• **WHAT TO DO**:
The entries below are to be given back exactly, with images excluded.

• **ENTRIES PROVIDED**:
%%

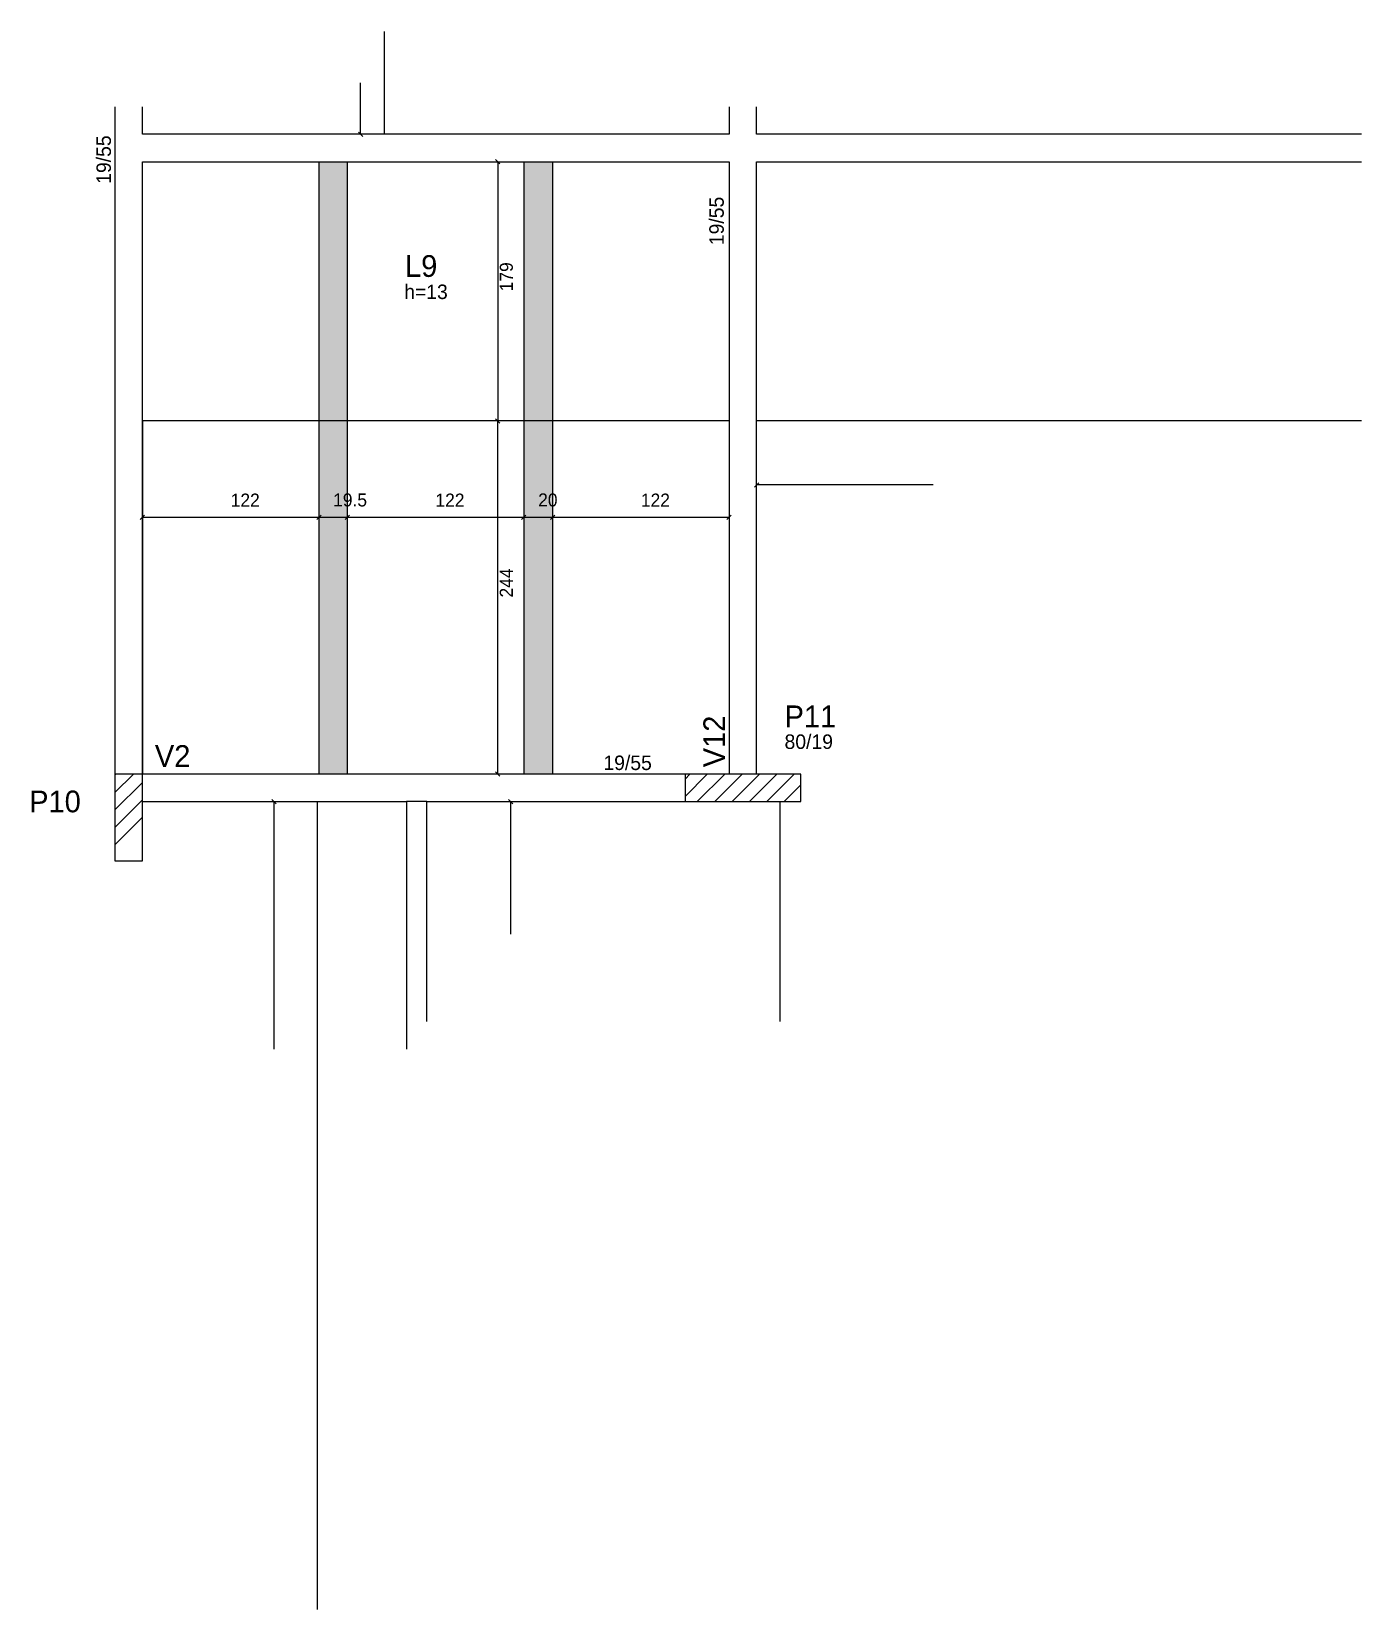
# Model space of a CAD drawing. Header units: metres. Extents: x 3570 to 4490, y 1722 to 2812.
import ezdxf

# ---------------------------------------------------------------- set-up
doc = ezdxf.new("R2010")
doc.units = ezdxf.units.M
for name, color, linetype in [('3', 7, 'Continuous'), ('4', 7, 'Continuous'), ('7', 7, 'Continuous'), ('9', 7, 'Continuous'), ('Hachura', 7, 'Continuous'), ('Painéis', 7, 'Continuous')]:
    doc.layers.add(name, color=color, linetype=linetype)

msp = doc.modelspace()

# ---------------------------------------------------------------- hatches: boundary and pattern name
at = {"layer": '9'}
h = msp.add_hatch(color=7, dxfattribs=at)
h.dxf.hatch_style = 1
h.paths.add_polyline_path([(3647, 2494), (3647, 2299), (3647, 2494), (3647, 2494)])
at = {"layer": 'Hachura'}
h = msp.add_hatch(color=7, dxfattribs=at)
h.dxf.hatch_style = 1
h.paths.add_polyline_path([(3788.5, 2722), (3769, 2722), (3769, 2299), (3788.5, 2299), (3788.5, 2722)])
h = msp.add_hatch(color=7, dxfattribs=at)
h.dxf.hatch_style = 1
h.paths.add_polyline_path([(3930.5, 2722), (3910.5, 2722), (3910.5, 2299), (3930.5, 2299), (3930.5, 2722)])

# ---------------------------------------------------------------- linework, layer by layer
at = {"layer": '3', "color": 3, "lineweight": 25}
for p, q in [((3628, 2286.3), (3640.7, 2299)), ((3628, 2298.3), (3628.7, 2299)), ((3628, 2274.3), (3647, 2293.3)), ((4022, 2283.6), (4037.4, 2299)), ((4022, 2295.6), (4025.4, 2299)), ((4030.5, 2280), (4049.5, 2299)), ((4042.5, 2280), (4061.5, 2299)), ((4054.5, 2280), (4073.5, 2299)), ((4066.5, 2280), (4085.5, 2299)), ((4078.5, 2280), (4097.5, 2299)), ((4090.6, 2280), (4102, 2291.5)), ((3628, 2262.2), (3647, 2281.2)), ((3628, 2250.2), (3647, 2269.2))]:
    msp.add_line(p, q, dxfattribs=at)
for points in [[(3628, 2760), (3628, 2731.5)], [(3647, 2741), (3647, 2760)], [(4052.5, 2760), (4052.5, 2741)], [(4071.5, 2741), (4071.5, 2760)], [(4052.5, 2741), (3647, 2741)], [(4489.5, 2741), (4071.5, 2741)], [(3628, 2731.5), (3628, 2299)], [(3647, 2722), (4052.5, 2722)], [(3647, 2299), (3647, 2722)], [(4052.5, 2722), (4052.5, 2299)], [(4071.5, 2722), (4489.5, 2722)], [(4071.5, 2299), (4071.5, 2722)], [(3836.5, 2299), (3647, 2299)], [(4022, 2299), (3836.5, 2299)], [(3647, 2280), (3829.5, 2280)], [(3829.5, 2280), (3829.5, 2109)], [(3843.5, 2280), (3829.5, 2280)], [(3843.5, 2280), (4022, 2280)], [(3843.5, 2128), (3843.5, 2280)]]:
    msp.add_lwpolyline(points, dxfattribs=at)
at = {"layer": '7', "color": 7, "lineweight": 25}
for points in [[(3628, 2239), (3647, 2239), (3647, 2299), (3628, 2299), (3628, 2239)], [(4022, 2280), (4102, 2280), (4102, 2299), (4022, 2299), (4022, 2280)]]:
    msp.add_lwpolyline(points, dxfattribs=at)
at = {"layer": 'Painéis', "color": 200, "lineweight": 25}
for p, q in [((3814, 2812), (3814, 2741)), ((3769, 2722), (3769, 2299)), ((3788.5, 2722), (3788.5, 2299)), ((3910.5, 2722), (3910.5, 2299)), ((3930.5, 2722), (3930.5, 2299)), ((4052.5, 2543), (3647, 2543)), ((3647, 2543), (3647, 2299)), ((4489.5, 2543), (4071.5, 2543)), ((3768, 1721.9), (3768, 2280)), ((4087.5, 2280), (4087.5, 2128))]:
    msp.add_line(p, q, dxfattribs=at)
at = {"layer": 'Painéis', "color": 4, "lineweight": 25}
for p, q in [((3797.8, 2741), (3797.8, 2776.5)), ((3795.5, 2741), (3794.8, 2741)), ((3892.6, 2722), (3892.6, 2543)), ((3892.6, 2299), (3892.6, 2543)), ((4193.5, 2498.8), (4071.5, 2498.8)), ((3769, 2476.3), (3647, 2476.3)), ((3788.5, 2476.3), (3769, 2476.3)), ((3910.5, 2476.3), (3788.5, 2476.3)), ((3930.5, 2476.3), (3910.5, 2476.3)), ((4052.5, 2476.3), (3930.5, 2476.3)), ((3738, 2109), (3738, 2280)), ((3901.5, 2188.5), (3901.5, 2280))]:
    msp.add_line(p, q, dxfattribs=at)
at = {"layer": 'Painéis', "color": 0, "lineweight": 25}
for p, q in [((3796.3, 2742.5), (3799.3, 2739.5)), ((3894.1, 2720.5), (3891.1, 2723.5)), ((3894.1, 2541.5), (3891.1, 2544.5)), ((3891.1, 2544.5), (3894.1, 2541.5)), ((4073, 2500.3), (4070, 2497.3)), ((3648.5, 2477.8), (3645.5, 2474.8)), ((3770.5, 2477.8), (3767.5, 2474.8)), ((3767.5, 2474.8), (3770.5, 2477.8)), ((3790, 2477.8), (3787, 2474.8)), ((3787, 2474.8), (3790, 2477.8)), ((3912, 2477.8), (3909, 2474.8)), ((3909, 2474.8), (3912, 2477.8)), ((3932, 2477.8), (3929, 2474.8)), ((3929, 2474.8), (3932, 2477.8)), ((4051, 2474.8), (4054, 2477.8)), ((3891.1, 2300.5), (3894.1, 2297.5)), ((3739.5, 2278.5), (3736.5, 2281.5)), ((3903, 2278.5), (3900, 2281.5))]:
    msp.add_line(p, q, dxfattribs=at)

# ---------------------------------------------------------------- texts
at = {"layer": '3', "color": 3, "lineweight": 25}
for p in [(3625.2, 2706.8), (4048.8, 2664.4)]:
    msp.add_text('19/55', height=10, rotation=90, dxfattribs=at).set_placement(p)
for s, p in [('h=13', (3827.9, 2627.2)), ('80/19', (4090.8, 2316.4)), ('19/55', (3965.6, 2301.8))]:
    msp.add_text(s, height=10, dxfattribs=at).set_placement(p)
at = {"layer": '4', "color": 4, "lineweight": 25}
for s, p in [('L9', (3828.5, 2642.5)), ('P11', (4090.8, 2331.4)), ('V2', (3655.6, 2304)), ('P10', (3568.7, 2272.6))]:
    msp.add_text(s, height=15, dxfattribs=at).set_placement(p)
msp.add_text('V12', height=15, rotation=90, dxfattribs=at).set_placement((4049.7, 2303.7))
at = {"layer": 'Painéis', "color": 240, "lineweight": 25}
for s, p in [('179', (3903, 2632.5)), ('244', (3903, 2421))]:
    msp.add_text(s, height=9, rotation=90, dxfattribs=at).set_placement(p)
for s, p in [('122', (3708, 2483.8)), ('19.5', (3778.8, 2483.9)), ('122', (3849.5, 2483.8)), ('20', (3920.5, 2483.9)), ('122', (3991.5, 2483.8))]:
    msp.add_text(s, height=9, dxfattribs=at).set_placement(p)

doc.saveas('drawing.dxf')

%%

• **RESULT**:
# Model space of a CAD drawing. Header units: metres. Extents: x 3570 to 4490, y 1722 to 2812.
import ezdxf

# ---------------------------------------------------------------- set-up
doc = ezdxf.new("R2010")
doc.units = ezdxf.units.M
for name, color, linetype in [('3', 7, 'Continuous'), ('4', 7, 'Continuous'), ('7', 7, 'Continuous'), ('9', 7, 'Continuous'), ('Hachura', 7, 'Continuous'), ('Painéis', 7, 'Continuous')]:
    doc.layers.add(name, color=color, linetype=linetype)

msp = doc.modelspace()

# ---------------------------------------------------------------- hatches: boundary and pattern name
at = {"layer": '9'}
h = msp.add_hatch(color=7, dxfattribs=at)
h.dxf.hatch_style = 1
h.paths.add_polyline_path([(3647, 2494), (3647, 2299), (3647, 2494), (3647, 2494)])
at = {"layer": 'Hachura'}
h = msp.add_hatch(color=7, dxfattribs=at)
h.dxf.hatch_style = 1
h.paths.add_polyline_path([(3788.5, 2722), (3769, 2722), (3769, 2299), (3788.5, 2299), (3788.5, 2722)])
h = msp.add_hatch(color=7, dxfattribs=at)
h.dxf.hatch_style = 1
h.paths.add_polyline_path([(3930.5, 2722), (3910.5, 2722), (3910.5, 2299), (3930.5, 2299), (3930.5, 2722)])

# ---------------------------------------------------------------- linework, layer by layer
at = {"layer": '3', "color": 3, "lineweight": 25}
for p, q in [((3628, 2286.3), (3640.7, 2299)), ((3628, 2298.3), (3628.7, 2299)), ((3628, 2274.3), (3647, 2293.3)), ((4022, 2283.6), (4037.4, 2299)), ((4022, 2295.6), (4025.4, 2299)), ((4030.5, 2280), (4049.5, 2299)), ((4042.5, 2280), (4061.5, 2299)), ((4054.5, 2280), (4073.5, 2299)), ((4066.5, 2280), (4085.5, 2299)), ((4078.5, 2280), (4097.5, 2299)), ((4090.6, 2280), (4102, 2291.5)), ((3628, 2262.2), (3647, 2281.2)), ((3628, 2250.2), (3647, 2269.2))]:
    msp.add_line(p, q, dxfattribs=at)
for points in [[(3628, 2760), (3628, 2731.5)], [(3647, 2741), (3647, 2760)], [(4052.5, 2760), (4052.5, 2741)], [(4071.5, 2741), (4071.5, 2760)], [(4052.5, 2741), (3647, 2741)], [(4489.5, 2741), (4071.5, 2741)], [(3628, 2731.5), (3628, 2299)], [(3647, 2722), (4052.5, 2722)], [(3647, 2299), (3647, 2722)], [(4052.5, 2722), (4052.5, 2299)], [(4071.5, 2722), (4489.5, 2722)], [(4071.5, 2299), (4071.5, 2722)], [(3836.5, 2299), (3647, 2299)], [(4022, 2299), (3836.5, 2299)], [(3647, 2280), (3829.5, 2280)], [(3829.5, 2280), (3829.5, 2109)], [(3843.5, 2280), (3829.5, 2280)], [(3843.5, 2280), (4022, 2280)], [(3843.5, 2128), (3843.5, 2280)]]:
    msp.add_lwpolyline(points, dxfattribs=at)
at = {"layer": '7', "color": 7, "lineweight": 25}
for points in [[(3628, 2239), (3647, 2239), (3647, 2299), (3628, 2299), (3628, 2239)], [(4022, 2280), (4102, 2280), (4102, 2299), (4022, 2299), (4022, 2280)]]:
    msp.add_lwpolyline(points, dxfattribs=at)
at = {"layer": 'Painéis', "color": 200, "lineweight": 25}
for p, q in [((3814, 2812), (3814, 2741)), ((3769, 2722), (3769, 2299)), ((3788.5, 2722), (3788.5, 2299)), ((3910.5, 2722), (3910.5, 2299)), ((3930.5, 2722), (3930.5, 2299)), ((4052.5, 2543), (3647, 2543)), ((3647, 2543), (3647, 2299)), ((4489.5, 2543), (4071.5, 2543)), ((3768, 1721.9), (3768, 2280)), ((4087.5, 2280), (4087.5, 2128))]:
    msp.add_line(p, q, dxfattribs=at)
at = {"layer": 'Painéis', "color": 4, "lineweight": 25}
for p, q in [((3797.8, 2741), (3797.8, 2776.5)), ((3795.5, 2741), (3794.8, 2741)), ((3892.6, 2722), (3892.6, 2543)), ((3892.6, 2299), (3892.6, 2543)), ((4193.5, 2498.8), (4071.5, 2498.8)), ((3769, 2476.3), (3647, 2476.3)), ((3788.5, 2476.3), (3769, 2476.3)), ((3910.5, 2476.3), (3788.5, 2476.3)), ((3930.5, 2476.3), (3910.5, 2476.3)), ((4052.5, 2476.3), (3930.5, 2476.3)), ((3738, 2109), (3738, 2280)), ((3901.5, 2188.5), (3901.5, 2280))]:
    msp.add_line(p, q, dxfattribs=at)
at = {"layer": 'Painéis', "color": 0, "lineweight": 25}
for p, q in [((3796.3, 2742.5), (3799.3, 2739.5)), ((3894.1, 2720.5), (3891.1, 2723.5)), ((3894.1, 2541.5), (3891.1, 2544.5)), ((3891.1, 2544.5), (3894.1, 2541.5)), ((4073, 2500.3), (4070, 2497.3)), ((3648.5, 2477.8), (3645.5, 2474.8)), ((3770.5, 2477.8), (3767.5, 2474.8)), ((3767.5, 2474.8), (3770.5, 2477.8)), ((3790, 2477.8), (3787, 2474.8)), ((3787, 2474.8), (3790, 2477.8)), ((3912, 2477.8), (3909, 2474.8)), ((3909, 2474.8), (3912, 2477.8)), ((3932, 2477.8), (3929, 2474.8)), ((3929, 2474.8), (3932, 2477.8)), ((4051, 2474.8), (4054, 2477.8)), ((3891.1, 2300.5), (3894.1, 2297.5)), ((3739.5, 2278.5), (3736.5, 2281.5)), ((3903, 2278.5), (3900, 2281.5))]:
    msp.add_line(p, q, dxfattribs=at)

# ---------------------------------------------------------------- texts
at = {"layer": '3', "color": 3, "lineweight": 25}
for p in [(3625.2, 2706.8), (4048.8, 2664.4)]:
    msp.add_text('19/55', height=10, rotation=90, dxfattribs=at).set_placement(p)
for s, p in [('h=13', (3827.9, 2627.2)), ('80/19', (4090.8, 2316.4)), ('19/55', (3965.6, 2301.8))]:
    msp.add_text(s, height=10, dxfattribs=at).set_placement(p)
at = {"layer": '4', "color": 4, "lineweight": 25}
for s, p in [('L9', (3828.5, 2642.5)), ('P11', (4090.8, 2331.4)), ('V2', (3655.6, 2304)), ('P10', (3568.7, 2272.6))]:
    msp.add_text(s, height=15, dxfattribs=at).set_placement(p)
msp.add_text('V12', height=15, rotation=90, dxfattribs=at).set_placement((4049.7, 2303.7))
at = {"layer": 'Painéis', "color": 240, "lineweight": 25}
for s, p in [('179', (3903, 2632.5)), ('244', (3903, 2421))]:
    msp.add_text(s, height=9, rotation=90, dxfattribs=at).set_placement(p)
for s, p in [('122', (3708, 2483.8)), ('19.5', (3778.8, 2483.9)), ('122', (3849.5, 2483.8)), ('20', (3920.5, 2483.9)), ('122', (3991.5, 2483.8))]:
    msp.add_text(s, height=9, dxfattribs=at).set_placement(p)

doc.saveas('drawing.dxf')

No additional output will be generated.